Lina no necesitaba escuchar que sus recuerdos fueran producto de su imaginación o momentos idealizados gracias al paso del tiempo, que regresaban a su memoria inspirados por la inocente mirada de sus hijos. Los veraneos de su niñez fueron muy distintos a los que ahora disfrutaban Clementina y Jacobo, pero no por ello habían sido infelices. De hecho, la casa que tenían estaba cerca de la que, por aquel entonces, tuvieron sus padres.
Jaime la mandó construir a los pocos meses de casarse. La edificación parecía una fortaleza, a la que solo se podía acceder por un viejo camino de tierra, y estaba situada en la ladera de la montaña, en medio de un pinar. Las buganvillas y los jazmines trepaban por las paredes de los muros de piedra, y el aroma a azahar y jazmín se mezclaba con el del dulzor de las higueras. Fue la propia Clementina quien bautizó la casa años después de que la construyera el joven matrimonio, El Castillo, balbuceó la pequeña apuntando a la estrecha torre desde la que se atisbaba el horizonte azul del Mediterráneo.
Apenas a un kilómetro de distancia de allí, atrapado en un tiempo pasado, se encontraba el huerto que antaño había pertenecido a la familia de Lina. Frente al viejo secadero de la casa de sus suegros Jaime mandó construir una piscina con forma de haba, y trasplantaron algunas palmeras alrededor para que durante el día hubiera sombras en las que guarecerse. En la parte trasera levantaron una pérgola que cubrieron con hojas de parra y allí se reunían en torno a las paellas cocinadas por Jaime, y los más pequeños luchaban por conseguir la última cucharada de socarrat.

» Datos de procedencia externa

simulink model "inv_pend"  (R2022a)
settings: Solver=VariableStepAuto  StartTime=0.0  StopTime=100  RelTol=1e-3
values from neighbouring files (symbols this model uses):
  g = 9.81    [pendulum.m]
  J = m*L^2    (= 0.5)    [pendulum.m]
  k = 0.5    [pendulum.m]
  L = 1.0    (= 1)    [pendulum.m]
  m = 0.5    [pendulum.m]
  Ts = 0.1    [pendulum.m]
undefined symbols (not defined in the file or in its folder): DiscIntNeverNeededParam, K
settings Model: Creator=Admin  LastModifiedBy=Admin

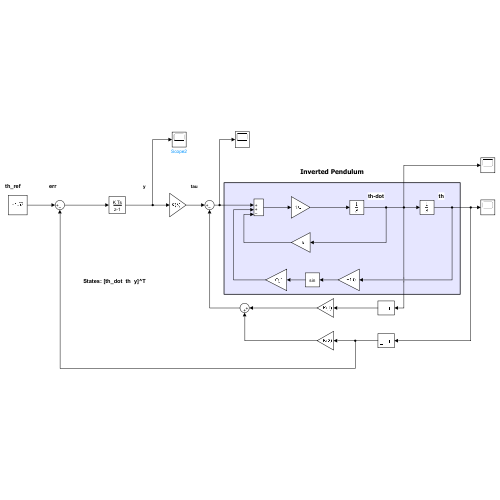
[thumbnail: Simulink's stored preview of the top-level diagram]
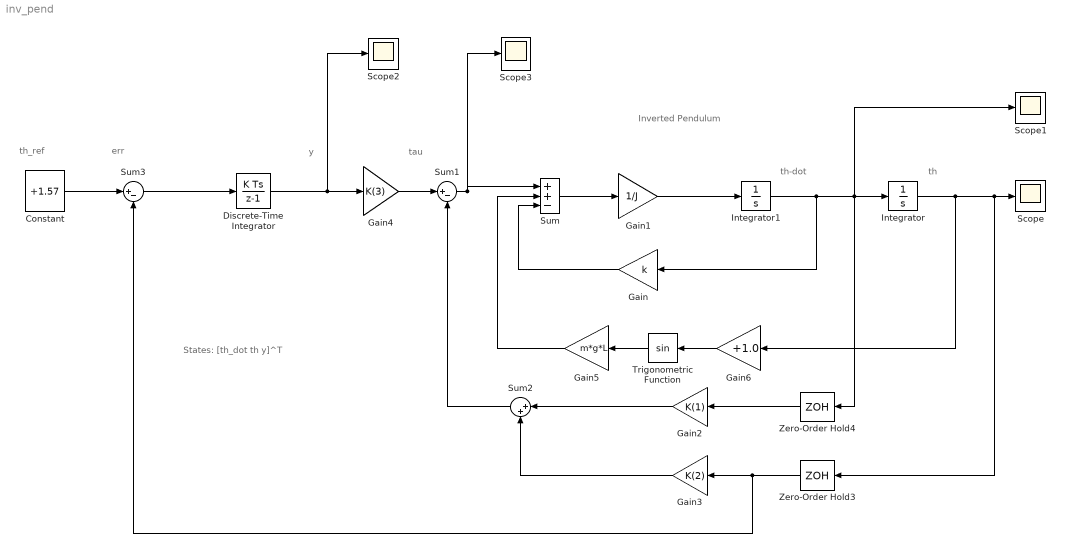
== system inv_pend ==
  note: States: [th_dot th y]^T
  note: Inverted Pendulum
  note: th
  note: th-dot
  note: tau
  note: th_ref
  note: err
  note: y
  Constant : Constant  Value=+1.57  SampleTime=Ts
  Discrete-Time Integrator : DiscreteIntegrator  gainval=1  SampleTime=-1  ICPrevOutput=DiscIntNeverNeededParam  ICPrevScaledInput=DiscIntNeverNeededParam
  Gain : Gain  Gain=k
  Gain1 : Gain  Gain=1/J
  Gain2 : Gain  Gain=K(1)
  Gain3 : Gain  Gain=K(2)
  Gain4 : Gain  Gain=K(3)
  Gain5 : Gain  Gain=m*g*L
  Gain6 : Gain  Gain=+1.0
  Integrator : Integrator  InitialCondition=0.0
  Integrator1 : Integrator
  Scope{,1..3} (4 alike) : Scope
  Sum : Sum  Inputs=|++-
  Sum1 : Sum  Inputs=|+-
  Sum2 : Sum  Inputs=|++
  Sum3 : Sum  Inputs=|+-
  Trigonometric Function : Trigonometry
  Zero-Order Hold3 : ZeroOrderHold  SampleTime=Ts
  Zero-Order Hold4 : ZeroOrderHold  SampleTime=Ts
  wires:
  Sum/1 -> Gain1/1
  Sum1/1 -> Scope3/1, Sum/1
  Gain2/1 -> Sum2/1
  Integrator/1 -> Gain6/1, Zero-Order Hold3/1, Scope/1
  Integrator1/1 -> Gain/1, Zero-Order Hold4/1, Scope1/1, Integrator/1
  Gain1/1 -> Integrator1/1
  Gain4/1 -> Sum1/1
  Discrete-Time Integrator/1 -> Gain4/1, Scope2/1
  Trigonometric Function/1 -> Gain5/1
  Gain/1 -> Sum/3
  Gain5/1 -> Sum/2
  Constant/1 -> Sum3/1
  Zero-Order Hold3/1 -> Gain3/1, Sum3/2
  Zero-Order Hold4/1 -> Gain2/1
  Gain3/1 -> Sum2/2
  Sum3/1 -> Discrete-Time Integrator/1
  Sum2/1 -> Sum1/2
  Gain6/1 -> Trigonometric Function/1

Durante los días en El Castillo la vida se ralentizaba. Las normas se desperdigaban por el camino a medida que el vehículo se acercaba a la costa y a todos les invadía una idéntica sensación de libertad. Nada más cruzar la verja de la entrada, Clementina y Jacobo se descalzaban en el asiento trasero y saltaban del coche para restregar sus pies en la hierba mojada y correteaban bajo la luz transparente y reían a carcajada limpia. Tanto para ellos como para sus padres los veranos eran lo más parecido a tener una vida normal en la que podían gozar de cierta libertad.